Adding to the importance of these elections for many Turks is that 2023 marks the 100th anniversary of the country’s establishment as a republic following the collapse of the Ottoman Empire. A national celebration is planned for the anniversary, on October 29, and the president will preside over it.

The elections were also prompted by issues that have long polarized Turkish society, such as the right place for religion in a state committed to strict secularism. In his 11 years as Prime Minister and nine years as President, Mr. Erdogan expanded religious education and relaxed rules restricting religious dress.

Derya Akca, 29, cited her desire to cover her hair as the main reason she supported Erdogan’s Justice and Development Party. “They are defending my freedom to wear a headscarf, which is the most important factor for me,” says Ms. Akca, who works in a clothing store in Istanbul.

She recalled being so embarrassed after a college professor humiliated her in front of the class that she dropped out of school, a decision she now regrets. “I felt like an outsider,” she said. “I now wish I had stayed and fought.”

But elsewhere in the city, Deniz Deniz, the co-owner of a bar popular with the city’s LGBTQ community, lamented how the number of such establishments had dwindled over the past decade of Erdogan’s tenure.

“I want to change so bad,” Mr. Deniz said. “I want a country where LGBT+ people and women are not rejected. I want an egalitarian and democratic country.”

In Turkey’s southern region, devastated by powerful earthquakes in February that killed more than 50,000 people, many voters expressed anger at the government’s reaction at the polls.

“We had an earthquake and the government didn’t even intervene,” said Rasim Dayanir, an earthquake survivor who voted for Mr. Kilicdaroglu. “But our decision was made before the earthquake.”

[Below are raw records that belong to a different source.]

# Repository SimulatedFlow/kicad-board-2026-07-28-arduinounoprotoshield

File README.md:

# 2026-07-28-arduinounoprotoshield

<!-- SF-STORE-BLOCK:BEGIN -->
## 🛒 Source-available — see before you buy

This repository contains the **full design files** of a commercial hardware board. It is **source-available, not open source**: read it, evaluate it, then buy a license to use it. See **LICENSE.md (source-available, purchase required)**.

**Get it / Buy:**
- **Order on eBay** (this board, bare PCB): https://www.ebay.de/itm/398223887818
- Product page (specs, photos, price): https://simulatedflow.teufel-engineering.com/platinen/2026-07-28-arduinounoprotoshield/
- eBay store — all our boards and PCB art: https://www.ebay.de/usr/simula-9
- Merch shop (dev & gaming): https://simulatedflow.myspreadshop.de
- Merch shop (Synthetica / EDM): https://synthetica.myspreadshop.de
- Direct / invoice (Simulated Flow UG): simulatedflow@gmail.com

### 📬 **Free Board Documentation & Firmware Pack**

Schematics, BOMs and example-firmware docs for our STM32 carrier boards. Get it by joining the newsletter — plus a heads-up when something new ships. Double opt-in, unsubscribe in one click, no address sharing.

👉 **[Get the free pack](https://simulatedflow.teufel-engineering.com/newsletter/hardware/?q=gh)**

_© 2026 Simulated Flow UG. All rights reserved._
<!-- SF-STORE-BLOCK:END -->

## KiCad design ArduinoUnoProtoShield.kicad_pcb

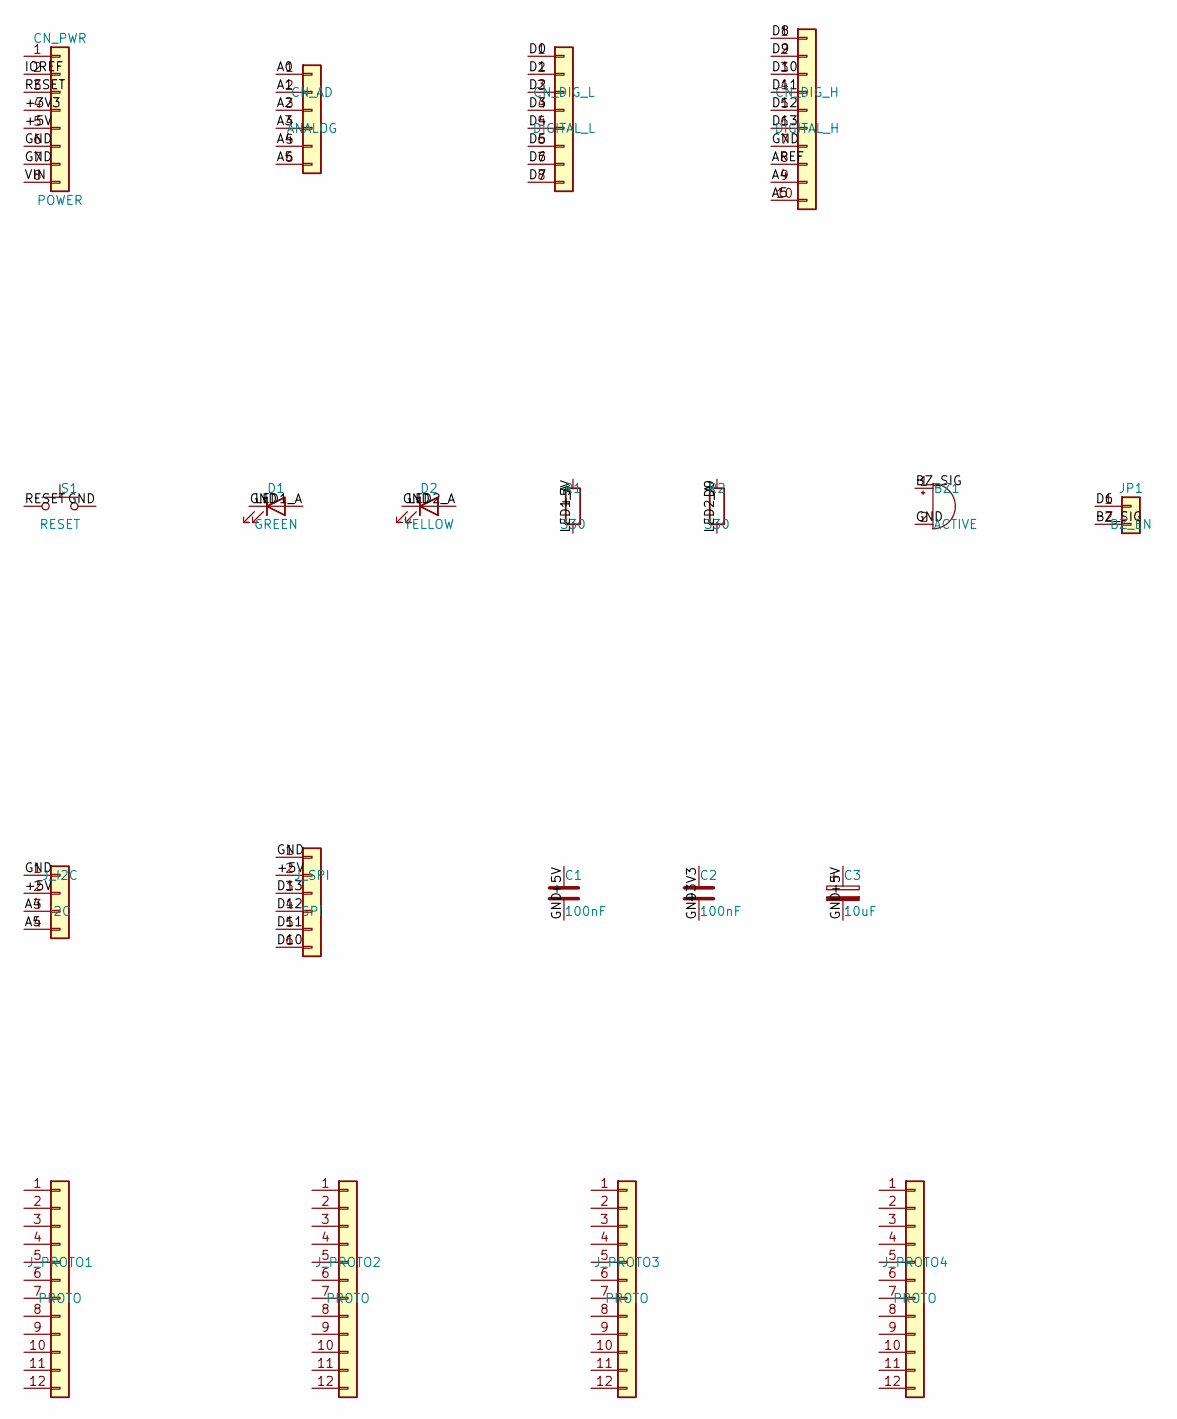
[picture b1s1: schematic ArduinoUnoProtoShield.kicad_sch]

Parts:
BZ1: ACTIVE; Buzzer_12x9.5RM7.6
C1, C2: 100nF; C_Disc_D5.0mm_W2.5mm_P5.00mm
C3: 10uF; CP_Radial_D5.0mm_P2.00mm
CN_AD: ANALOG; PinSocket_1x06_P2.54mm_Vertical
CN_DIG_H: DIGITAL_H; PinSocket_1x10_P2.54mm_Vertical
CN_DIG_L: DIGITAL_L; PinSocket_1x08_P2.54mm_Vertical
CN_PWR: POWER; PinSocket_1x08_P2.54mm_Vertical
D1: GREEN; LED_D5.0mm
D2: YELLOW; LED_D5.0mm
JP1: BZ_EN; PinHeader_1x02_P2.54mm_Vertical
J_I2C: I2C; PinHeader_1x04_P2.54mm_Vertical
J_PROTO1, J_PROTO2, J_PROTO3, J_PROTO4: PROTO; PinHeader_1x12_P2.54mm_Vertical
J_SPI: SPI; PinHeader_1x06_P2.54mm_Vertical
R1, R2: 330; R_Axial_DIN0207_L6.3mm_D2.5mm_P7.62mm_Horizontal
S1: RESET; SW_PUSH_6mm_H5mm

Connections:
+3V3: C2.1, CN_PWR.4
+5V: C1.1, C3.1, CN_PWR.5, J_I2C.2, J_SPI.2, R1.1
A0: CN_AD.1
A1: CN_AD.2
A2: CN_AD.3
A3: CN_AD.4
A4: CN_AD.5, CN_DIG_H.9, J_I2C.3
A5: CN_AD.6, CN_DIG_H.10, J_I2C.4
AREF: CN_DIG_H.8
BZ_SIG: BZ1.1 (+), JP1.2
D0: CN_DIG_L.1
D1: CN_DIG_L.2
D2: CN_DIG_L.3
D3: CN_DIG_L.4
D4: CN_DIG_L.5
D5: CN_DIG_L.6
D6: CN_DIG_L.7, JP1.1
D7: CN_DIG_L.8
D8: CN_DIG_H.1
D9: CN_DIG_H.2, R2.1
D10: CN_DIG_H.3, J_SPI.6
D11: CN_DIG_H.4, J_SPI.5
D12: CN_DIG_H.5, J_SPI.4
D13: CN_DIG_H.6, J_SPI.3
GND: BZ1.2 (-), C1.2, C2.2, C3.2, CN_DIG_H.7, CN_PWR.6, CN_PWR.7, D1.1 (K), D2.1 (K), J_I2C.1, J_SPI.1, S1.2
IOREF: CN_PWR.2
LED1_A: D1.2 (A), R1.2
LED2_A: D2.2 (A), R2.2
RESET: CN_PWR.3, S1.1
VIN: CN_PWR.8

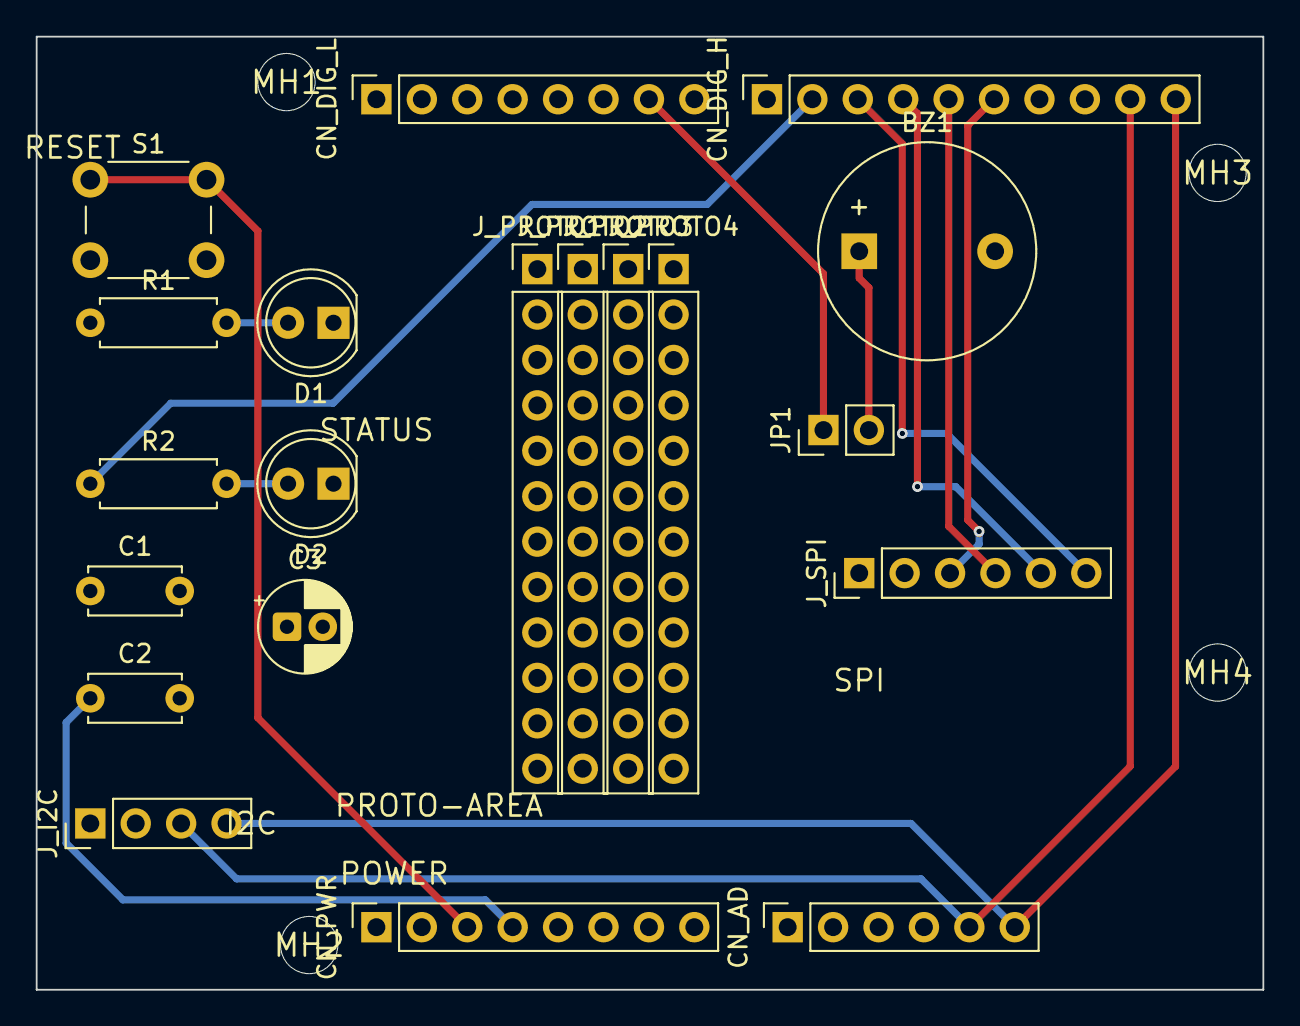
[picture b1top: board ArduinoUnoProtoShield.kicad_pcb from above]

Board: 4 copper layers, 68.6 x 53.3 mm, 24 parts (0 on the bottom side), 15 nets.

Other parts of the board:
MH1, MH2, MH3, MH4: MountingHole_3.2mm

Mr Dayanir, 25, had fled the city of Antakya, which was largely destroyed by the earthquake, but returned with eight family members to vote on Sunday.

He stood in the midst of hundreds of voters lining up to vote in an elementary school. Others cast their votes in shipping containers set up to replace destroyed polling stations. Mr. Dayanir said his uncle, aunt and other members of his family were killed in the earthquake.

“We are hopeful,” he said. “We believe in change.”

Ben Hubbard reported from Ankara, and Gulsin Harman from Istanbul. Reporting contributed by Elif Inc from Istanbul, Safak Timur from Ankara and Nimet Kirac from Antakya.